Stored data entries:
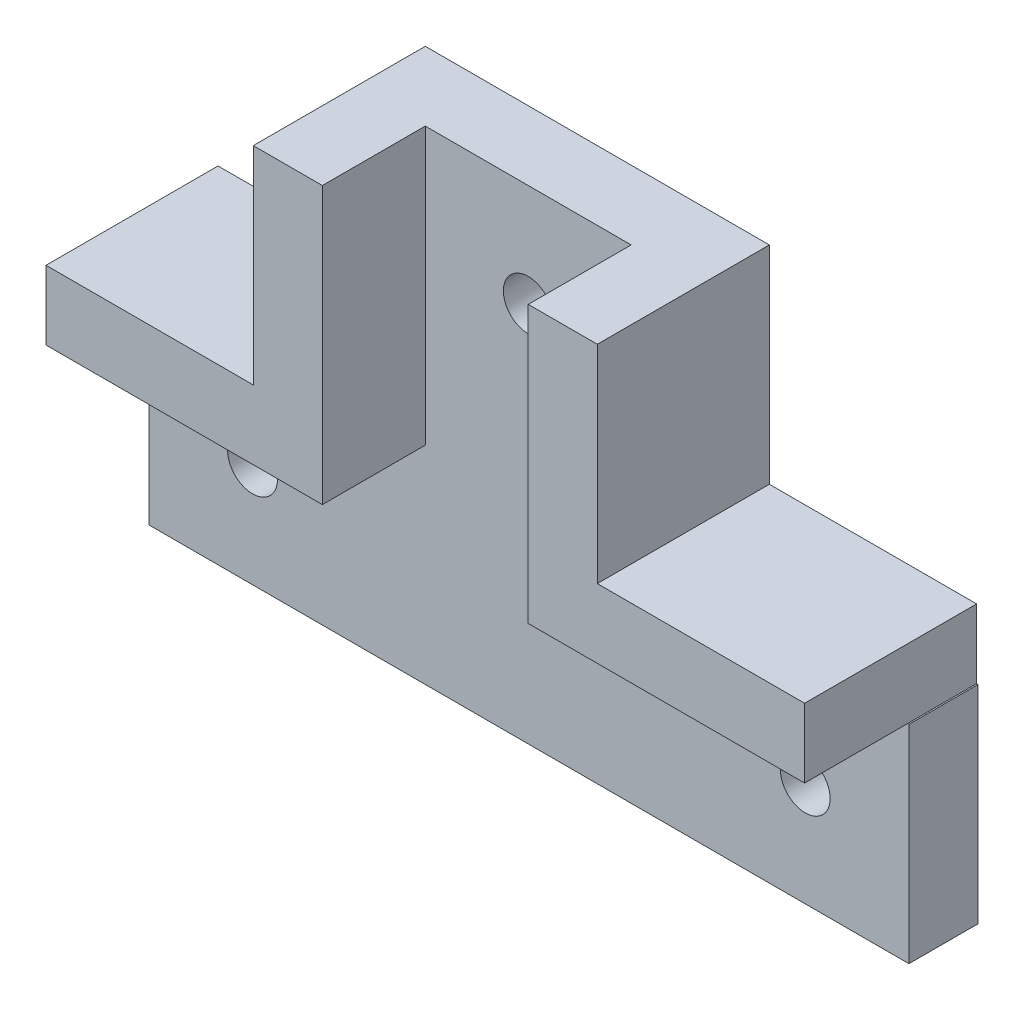
ISO-10303-21;
HEADER;
FILE_DESCRIPTION(('STEP AP214'),'2;1');
FILE_NAME('part.step','',(''),(''),'','','');
FILE_SCHEMA(('AUTOMOTIVE_DESIGN { 1 0 10303 214 1 1 1 1 }'));
ENDSEC;
DATA;
#1=APPLICATION_CONTEXT('core data for automotive mechanical design processes');
#2=APPLICATION_PROTOCOL_DEFINITION('international standard','automotive_design',2000,#1);
#3=PRODUCT_CONTEXT('',#1,'mechanical');
#4=PRODUCT('Part','Part','',(#3));
#5=PRODUCT_RELATED_PRODUCT_CATEGORY('part','',(#4));
#6=PRODUCT_DEFINITION_FORMATION('','',#4);
#7=PRODUCT_DEFINITION_CONTEXT('part definition',#1,'design');
#8=PRODUCT_DEFINITION('design','',#6,#7);
#9=PRODUCT_DEFINITION_SHAPE('','',#8);
#10=(LENGTH_UNIT() NAMED_UNIT(*) SI_UNIT(.MILLI.,.METRE.));
#11=(NAMED_UNIT(*) PLANE_ANGLE_UNIT() SI_UNIT($,.RADIAN.));
#12=(NAMED_UNIT(*) SI_UNIT($,.STERADIAN.) SOLID_ANGLE_UNIT());
#13=UNCERTAINTY_MEASURE_WITH_UNIT(LENGTH_MEASURE(1.E-05),#10,'distance_accuracy_value','');
#14=(GEOMETRIC_REPRESENTATION_CONTEXT(3) GLOBAL_UNCERTAINTY_ASSIGNED_CONTEXT((#13)) GLOBAL_UNIT_ASSIGNED_CONTEXT((#10,
#11,#12)) REPRESENTATION_CONTEXT('',''));
#15=CARTESIAN_POINT('',(0.,0.,0.));
#16=DIRECTION('',(0.,0.,1.));
#17=DIRECTION('',(1.,0.,0.));
#18=AXIS2_PLACEMENT_3D('',#15,#16,#17);
#19=CARTESIAN_POINT('',(14.3137254901961,-4.26470588235294,5.));
#20=DIRECTION('',(0.,-1.,0.));
#21=DIRECTION('',(0.,0.,-1.));
#22=AXIS2_PLACEMENT_3D('',#19,#20,#21);
#23=PLANE('',#22);
#24=DIRECTION('',(0.,0.,-1.));
#25=VECTOR('',#24,1.);
#26=CARTESIAN_POINT('',(34.2137254901961,-4.26470588235295,12.45));
#27=LINE('',#26,#25);
#28=CARTESIAN_POINT('',(34.2137254901961,-4.26470588235294,5.));
#29=VERTEX_POINT('',#28);
#30=CARTESIAN_POINT('',(34.2137254901961,-4.26470588235294,0.));
#31=VERTEX_POINT('',#30);
#32=EDGE_CURVE('E159',#29,#31,#27,.T.);
#33=ORIENTED_EDGE('',*,*,#32,.F.);
#34=DIRECTION('',(-1.,0.,0.));
#35=VECTOR('',#34,1.);
#36=CARTESIAN_POINT('',(14.3137254901961,-4.26470588235294,5.));
#37=LINE('',#36,#35);
#38=CARTESIAN_POINT('',(34.3137254901961,-4.26470588235294,5.));
#39=VERTEX_POINT('',#38);
#40=EDGE_CURVE('E288',#39,#29,#37,.T.);
#41=ORIENTED_EDGE('',*,*,#40,.F.);
#42=DIRECTION('',(0.,0.,-1.));
#43=VECTOR('',#42,1.);
#44=CARTESIAN_POINT('',(34.3137254901961,-4.26470588235294,5.));
#45=LINE('',#44,#43);
#46=CARTESIAN_POINT('',(34.3137254901961,-4.26470588235294,0.));
#47=VERTEX_POINT('',#46);
#48=EDGE_CURVE('E300',#39,#47,#45,.T.);
#49=ORIENTED_EDGE('',*,*,#48,.T.);
#50=DIRECTION('',(-1.,0.,0.));
#51=VECTOR('',#50,1.);
#52=CARTESIAN_POINT('',(14.3137254901961,-4.26470588235294,0.));
#53=LINE('',#52,#51);
#54=EDGE_CURVE('E310',#47,#31,#53,.T.);
#55=ORIENTED_EDGE('',*,*,#54,.T.);
#56=EDGE_LOOP('',(#33,#41,#49,#55));
#57=FACE_BOUND('',#56,.T.);
#58=ADVANCED_FACE('F39',(#57),#23,.F.);
#59=CARTESIAN_POINT('',(0.,0.,5.));
#60=DIRECTION('',(0.,0.,1.));
#61=DIRECTION('',(1.,0.,0.));
#62=AXIS2_PLACEMENT_3D('',#59,#60,#61);
#63=PLANE('',#62);
#64=CARTESIAN_POINT('',(6.76372549019609,8.23529411764706,5.));
#65=DIRECTION('',(0.,0.,1.));
#66=DIRECTION('',(1.,0.,0.));
#67=AXIS2_PLACEMENT_3D('',#64,#65,#66);
#68=CIRCLE('',#67,1.8);
#69=CARTESIAN_POINT('',(8.56372549019608,8.23529411764706,5.));
#70=VERTEX_POINT('',#69);
#71=EDGE_CURVE('E572',#70,#70,#68,.T.);
#72=ORIENTED_EDGE('',*,*,#71,.F.);
#73=EDGE_LOOP('',(#72));
#74=FACE_BOUND('',#73,.T.);
#75=CARTESIAN_POINT('',(-13.1862745098039,-11.7647058823529,5.));
#76=DIRECTION('',(0.,0.,1.));
#77=DIRECTION('',(1.,0.,0.));
#78=AXIS2_PLACEMENT_3D('',#75,#76,#77);
#79=CIRCLE('',#78,1.8);
#80=CARTESIAN_POINT('',(-11.3862745098039,-11.7647058823529,5.));
#81=VERTEX_POINT('',#80);
#82=EDGE_CURVE('E580',#81,#81,#79,.T.);
#83=ORIENTED_EDGE('',*,*,#82,.F.);
#84=EDGE_LOOP('',(#83));
#85=FACE_BOUND('',#84,.T.);
#86=CARTESIAN_POINT('',(26.8137254901961,-11.7647058823529,5.));
#87=DIRECTION('',(0.,0.,1.));
#88=DIRECTION('',(1.,0.,0.));
#89=AXIS2_PLACEMENT_3D('',#86,#87,#88);
#90=CIRCLE('',#89,1.8);
#91=CARTESIAN_POINT('',(28.6137254901961,-11.7647058823529,5.));
#92=VERTEX_POINT('',#91);
#93=EDGE_CURVE('E589',#92,#92,#90,.T.);
#94=ORIENTED_EDGE('',*,*,#93,.F.);
#95=EDGE_LOOP('',(#94));
#96=FACE_BOUND('',#95,.T.);
#97=DIRECTION('',(1.,0.,0.));
#98=VECTOR('',#97,1.);
#99=CARTESIAN_POINT('',(0.,-4.26470588235295,5.));
#100=LINE('',#99,#98);
#101=CARTESIAN_POINT('',(14.2137254901961,-4.26470588235295,5.));
#102=VERTEX_POINT('',#101);
#103=EDGE_CURVE('E55',#102,#29,#100,.T.);
#104=ORIENTED_EDGE('',*,*,#103,.F.);
#105=DIRECTION('',(0.,1.,0.));
#106=VECTOR('',#105,1.);
#107=CARTESIAN_POINT('',(14.2137254901961,0.,5.));
#108=LINE('',#107,#106);
#109=CARTESIAN_POINT('',(14.2137254901961,15.7352941176471,5.));
#110=VERTEX_POINT('',#109);
#111=EDGE_CURVE('E59',#102,#110,#108,.T.);
#112=ORIENTED_EDGE('',*,*,#111,.T.);
#113=DIRECTION('',(-1.,0.,0.));
#114=VECTOR('',#113,1.);
#115=CARTESIAN_POINT('',(-0.686274509803913,15.7352941176471,5.));
#116=LINE('',#115,#114);
#117=CARTESIAN_POINT('',(-0.686274509803913,15.7352941176471,5.));
#118=VERTEX_POINT('',#117);
#119=EDGE_CURVE('E291',#110,#118,#116,.T.);
#120=ORIENTED_EDGE('',*,*,#119,.T.);
#121=DIRECTION('',(0.,-1.,0.));
#122=VECTOR('',#121,1.);
#123=CARTESIAN_POINT('',(-0.686274509803913,15.7352941176471,5.));
#124=LINE('',#123,#122);
#125=CARTESIAN_POINT('',(-0.68627450980391,-4.26470588235294,5.));
#126=VERTEX_POINT('',#125);
#127=EDGE_CURVE('E294',#118,#126,#124,.T.);
#128=ORIENTED_EDGE('',*,*,#127,.T.);
#129=DIRECTION('',(-1.,0.,0.));
#130=VECTOR('',#129,1.);
#131=CARTESIAN_POINT('',(-20.6862745098039,-4.26470588235294,5.));
#132=LINE('',#131,#130);
#133=CARTESIAN_POINT('',(-20.6862745098039,-4.26470588235294,5.));
#134=VERTEX_POINT('',#133);
#135=EDGE_CURVE('E297',#126,#134,#132,.T.);
#136=ORIENTED_EDGE('',*,*,#135,.T.);
#137=DIRECTION('',(0.,-1.,0.));
#138=VECTOR('',#137,1.);
#139=CARTESIAN_POINT('',(-20.6862745098039,-4.26470588235294,5.));
#140=LINE('',#139,#138);
#141=CARTESIAN_POINT('',(-20.6862745098039,-19.2647058823529,5.));
#142=VERTEX_POINT('',#141);
#143=EDGE_CURVE('E277',#134,#142,#140,.T.);
#144=ORIENTED_EDGE('',*,*,#143,.T.);
#145=DIRECTION('',(1.,0.,0.));
#146=VECTOR('',#145,1.);
#147=CARTESIAN_POINT('',(-20.6862745098039,-19.2647058823529,5.));
#148=LINE('',#147,#146);
#149=CARTESIAN_POINT('',(34.3137254901961,-19.2647058823529,5.));
#150=VERTEX_POINT('',#149);
#151=EDGE_CURVE('E281',#142,#150,#148,.T.);
#152=ORIENTED_EDGE('',*,*,#151,.T.);
#153=DIRECTION('',(0.,1.,0.));
#154=VECTOR('',#153,1.);
#155=CARTESIAN_POINT('',(34.3137254901961,-4.26470588235294,5.));
#156=LINE('',#155,#154);
#157=EDGE_CURVE('E285',#150,#39,#156,.T.);
#158=ORIENTED_EDGE('',*,*,#157,.T.);
#159=ORIENTED_EDGE('',*,*,#40,.T.);
#160=EDGE_LOOP('',(#104,#112,#120,#128,#136,#144,#152,#158,#159));
#161=FACE_BOUND('',#160,.T.);
#162=ADVANCED_FACE('F333',(#74,#85,#96,#161),#63,.T.);
#163=CARTESIAN_POINT('',(-20.6862745098039,-4.26470588235294,5.));
#164=DIRECTION('',(1.,0.,0.));
#165=DIRECTION('',(0.,1.,0.));
#166=AXIS2_PLACEMENT_3D('',#163,#164,#165);
#167=PLANE('',#166);
#168=DIRECTION('',(0.,-1.,0.));
#169=VECTOR('',#168,1.);
#170=CARTESIAN_POINT('',(-20.6862745098039,-4.26470588235294,0.));
#171=LINE('',#170,#169);
#172=CARTESIAN_POINT('',(-20.6862745098039,0.735294117647059,0.));
#173=VERTEX_POINT('',#172);
#174=CARTESIAN_POINT('',(-20.6862745098039,-19.2647058823529,0.));
#175=VERTEX_POINT('',#174);
#176=EDGE_CURVE('E258',#173,#175,#171,.T.);
#177=ORIENTED_EDGE('',*,*,#176,.T.);
#178=DIRECTION('',(0.,0.,-1.));
#179=VECTOR('',#178,1.);
#180=CARTESIAN_POINT('',(-20.6862745098039,-19.2647058823529,5.));
#181=LINE('',#180,#179);
#182=EDGE_CURVE('E11',#142,#175,#181,.T.);
#183=ORIENTED_EDGE('',*,*,#182,.F.);
#184=ORIENTED_EDGE('',*,*,#143,.F.);
#185=DIRECTION('',(0.,0.,-1.));
#186=VECTOR('',#185,1.);
#187=CARTESIAN_POINT('',(-20.6862745098039,-4.26470588235294,12.45));
#188=LINE('',#187,#186);
#189=CARTESIAN_POINT('',(-20.6862745098039,-4.26470588235294,12.45));
#190=VERTEX_POINT('',#189);
#191=EDGE_CURVE('E254',#190,#134,#188,.T.);
#192=ORIENTED_EDGE('',*,*,#191,.F.);
#193=DIRECTION('',(0.,1.,0.));
#194=VECTOR('',#193,1.);
#195=CARTESIAN_POINT('',(-20.6862745098039,-4.26470588235294,12.45));
#196=LINE('',#195,#194);
#197=CARTESIAN_POINT('',(-20.6862745098039,0.735294117647059,12.45));
#198=VERTEX_POINT('',#197);
#199=EDGE_CURVE('E225',#190,#198,#196,.T.);
#200=ORIENTED_EDGE('',*,*,#199,.T.);
#201=DIRECTION('',(0.,0.,-1.));
#202=VECTOR('',#201,1.);
#203=CARTESIAN_POINT('',(-20.6862745098039,0.735294117647059,12.45));
#204=LINE('',#203,#202);
#205=EDGE_CURVE('E247',#198,#173,#204,.T.);
#206=ORIENTED_EDGE('',*,*,#205,.T.);
#207=EDGE_LOOP('',(#177,#183,#184,#192,#200,#206));
#208=FACE_BOUND('',#207,.T.);
#209=ADVANCED_FACE('F41',(#208),#167,.F.);
#210=CARTESIAN_POINT('',(-20.6862745098039,-19.2647058823529,5.));
#211=DIRECTION('',(0.,1.,0.));
#212=DIRECTION('',(0.,0.,1.));
#213=AXIS2_PLACEMENT_3D('',#210,#211,#212);
#214=PLANE('',#213);
#215=DIRECTION('',(1.,0.,0.));
#216=VECTOR('',#215,1.);
#217=CARTESIAN_POINT('',(-20.6862745098039,-19.2647058823529,0.));
#218=LINE('',#217,#216);
#219=CARTESIAN_POINT('',(34.3137254901961,-19.2647058823529,0.));
#220=VERTEX_POINT('',#219);
#221=EDGE_CURVE('E304',#175,#220,#218,.T.);
#222=ORIENTED_EDGE('',*,*,#221,.T.);
#223=DIRECTION('',(0.,0.,-1.));
#224=VECTOR('',#223,1.);
#225=CARTESIAN_POINT('',(34.3137254901961,-19.2647058823529,5.));
#226=LINE('',#225,#224);
#227=EDGE_CURVE('E48',#150,#220,#226,.T.);
#228=ORIENTED_EDGE('',*,*,#227,.F.);
#229=ORIENTED_EDGE('',*,*,#151,.F.);
#230=ORIENTED_EDGE('',*,*,#182,.T.);
#231=EDGE_LOOP('',(#222,#228,#229,#230));
#232=FACE_BOUND('',#231,.T.);
#233=ADVANCED_FACE('F336',(#232),#214,.F.);
#234=CARTESIAN_POINT('',(34.3137254901961,-4.26470588235294,5.));
#235=DIRECTION('',(-1.,0.,0.));
#236=DIRECTION('',(0.,-1.,0.));
#237=AXIS2_PLACEMENT_3D('',#234,#235,#236);
#238=PLANE('',#237);
#239=DIRECTION('',(0.,1.,0.));
#240=VECTOR('',#239,1.);
#241=CARTESIAN_POINT('',(34.3137254901961,-4.26470588235294,0.));
#242=LINE('',#241,#240);
#243=EDGE_CURVE('E307',#220,#47,#242,.T.);
#244=ORIENTED_EDGE('',*,*,#243,.T.);
#245=ORIENTED_EDGE('',*,*,#48,.F.);
#246=ORIENTED_EDGE('',*,*,#157,.F.);
#247=ORIENTED_EDGE('',*,*,#227,.T.);
#248=EDGE_LOOP('',(#244,#245,#246,#247));
#249=FACE_BOUND('',#248,.T.);
#250=ADVANCED_FACE('F323',(#249),#238,.F.);
#251=CARTESIAN_POINT('',(-0.686274509803913,15.7352941176471,5.));
#252=DIRECTION('',(0.,-1.,0.));
#253=DIRECTION('',(0.,0.,-1.));
#254=AXIS2_PLACEMENT_3D('',#251,#252,#253);
#255=PLANE('',#254);
#256=DIRECTION('',(0.,0.,-1.));
#257=VECTOR('',#256,1.);
#258=CARTESIAN_POINT('',(19.2137254901961,15.7352941176471,12.45));
#259=LINE('',#258,#257);
#260=CARTESIAN_POINT('',(19.2137254901961,15.7352941176471,12.45));
#261=VERTEX_POINT('',#260);
#262=CARTESIAN_POINT('',(19.2137254901961,15.7352941176471,0.));
#263=VERTEX_POINT('',#262);
#264=EDGE_CURVE('E210',#261,#263,#259,.T.);
#265=ORIENTED_EDGE('',*,*,#264,.T.);
#266=DIRECTION('',(-1.,0.,0.));
#267=VECTOR('',#266,1.);
#268=CARTESIAN_POINT('',(-0.686274509803913,15.7352941176471,0.));
#269=LINE('',#268,#267);
#270=CARTESIAN_POINT('',(-5.68627450980391,15.7352941176471,0.));
#271=VERTEX_POINT('',#270);
#272=EDGE_CURVE('E282',#263,#271,#269,.T.);
#273=ORIENTED_EDGE('',*,*,#272,.T.);
#274=DIRECTION('',(0.,0.,-1.));
#275=VECTOR('',#274,1.);
#276=CARTESIAN_POINT('',(-5.68627450980391,15.7352941176471,12.45));
#277=LINE('',#276,#275);
#278=CARTESIAN_POINT('',(-5.68627450980391,15.7352941176471,12.45));
#279=VERTEX_POINT('',#278);
#280=EDGE_CURVE('E267',#279,#271,#277,.T.);
#281=ORIENTED_EDGE('',*,*,#280,.F.);
#282=DIRECTION('',(-1.,0.,0.));
#283=VECTOR('',#282,1.);
#284=CARTESIAN_POINT('',(-0.686274509803913,15.7352941176471,12.45));
#285=LINE('',#284,#283);
#286=CARTESIAN_POINT('',(-0.686274509803913,15.7352941176471,12.45));
#287=VERTEX_POINT('',#286);
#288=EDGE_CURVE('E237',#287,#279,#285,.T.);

* WORK ITEM
Although the records above contain pictures, the copy should hold only the lines from their start through the line containing "#43=VECTOR('',#42,1.);", each exactly as written, and none of the pictures.

* WORKED SOLUTION
ISO-10303-21;
HEADER;
FILE_DESCRIPTION(('STEP AP214'),'2;1');
FILE_NAME('part.step','',(''),(''),'','','');
FILE_SCHEMA(('AUTOMOTIVE_DESIGN { 1 0 10303 214 1 1 1 1 }'));
ENDSEC;
DATA;
#1=APPLICATION_CONTEXT('core data for automotive mechanical design processes');
#2=APPLICATION_PROTOCOL_DEFINITION('international standard','automotive_design',2000,#1);
#3=PRODUCT_CONTEXT('',#1,'mechanical');
#4=PRODUCT('Part','Part','',(#3));
#5=PRODUCT_RELATED_PRODUCT_CATEGORY('part','',(#4));
#6=PRODUCT_DEFINITION_FORMATION('','',#4);
#7=PRODUCT_DEFINITION_CONTEXT('part definition',#1,'design');
#8=PRODUCT_DEFINITION('design','',#6,#7);
#9=PRODUCT_DEFINITION_SHAPE('','',#8);
#10=(LENGTH_UNIT() NAMED_UNIT(*) SI_UNIT(.MILLI.,.METRE.));
#11=(NAMED_UNIT(*) PLANE_ANGLE_UNIT() SI_UNIT($,.RADIAN.));
#12=(NAMED_UNIT(*) SI_UNIT($,.STERADIAN.) SOLID_ANGLE_UNIT());
#13=UNCERTAINTY_MEASURE_WITH_UNIT(LENGTH_MEASURE(1.E-05),#10,'distance_accuracy_value','');
#14=(GEOMETRIC_REPRESENTATION_CONTEXT(3) GLOBAL_UNCERTAINTY_ASSIGNED_CONTEXT((#13)) GLOBAL_UNIT_ASSIGNED_CONTEXT((#10,
#11,#12)) REPRESENTATION_CONTEXT('',''));
#15=CARTESIAN_POINT('',(0.,0.,0.));
#16=DIRECTION('',(0.,0.,1.));
#17=DIRECTION('',(1.,0.,0.));
#18=AXIS2_PLACEMENT_3D('',#15,#16,#17);
#19=CARTESIAN_POINT('',(14.3137254901961,-4.26470588235294,5.));
#20=DIRECTION('',(0.,-1.,0.));
#21=DIRECTION('',(0.,0.,-1.));
#22=AXIS2_PLACEMENT_3D('',#19,#20,#21);
#23=PLANE('',#22);
#24=DIRECTION('',(0.,0.,-1.));
#25=VECTOR('',#24,1.);
#26=CARTESIAN_POINT('',(34.2137254901961,-4.26470588235295,12.45));
#27=LINE('',#26,#25);
#28=CARTESIAN_POINT('',(34.2137254901961,-4.26470588235294,5.));
#29=VERTEX_POINT('',#28);
#30=CARTESIAN_POINT('',(34.2137254901961,-4.26470588235294,0.));
#31=VERTEX_POINT('',#30);
#32=EDGE_CURVE('E159',#29,#31,#27,.T.);
#33=ORIENTED_EDGE('',*,*,#32,.F.);
#34=DIRECTION('',(-1.,0.,0.));
#35=VECTOR('',#34,1.);
#36=CARTESIAN_POINT('',(14.3137254901961,-4.26470588235294,5.));
#37=LINE('',#36,#35);
#38=CARTESIAN_POINT('',(34.3137254901961,-4.26470588235294,5.));
#39=VERTEX_POINT('',#38);
#40=EDGE_CURVE('E288',#39,#29,#37,.T.);
#41=ORIENTED_EDGE('',*,*,#40,.F.);
#42=DIRECTION('',(0.,0.,-1.));
#43=VECTOR('',#42,1.);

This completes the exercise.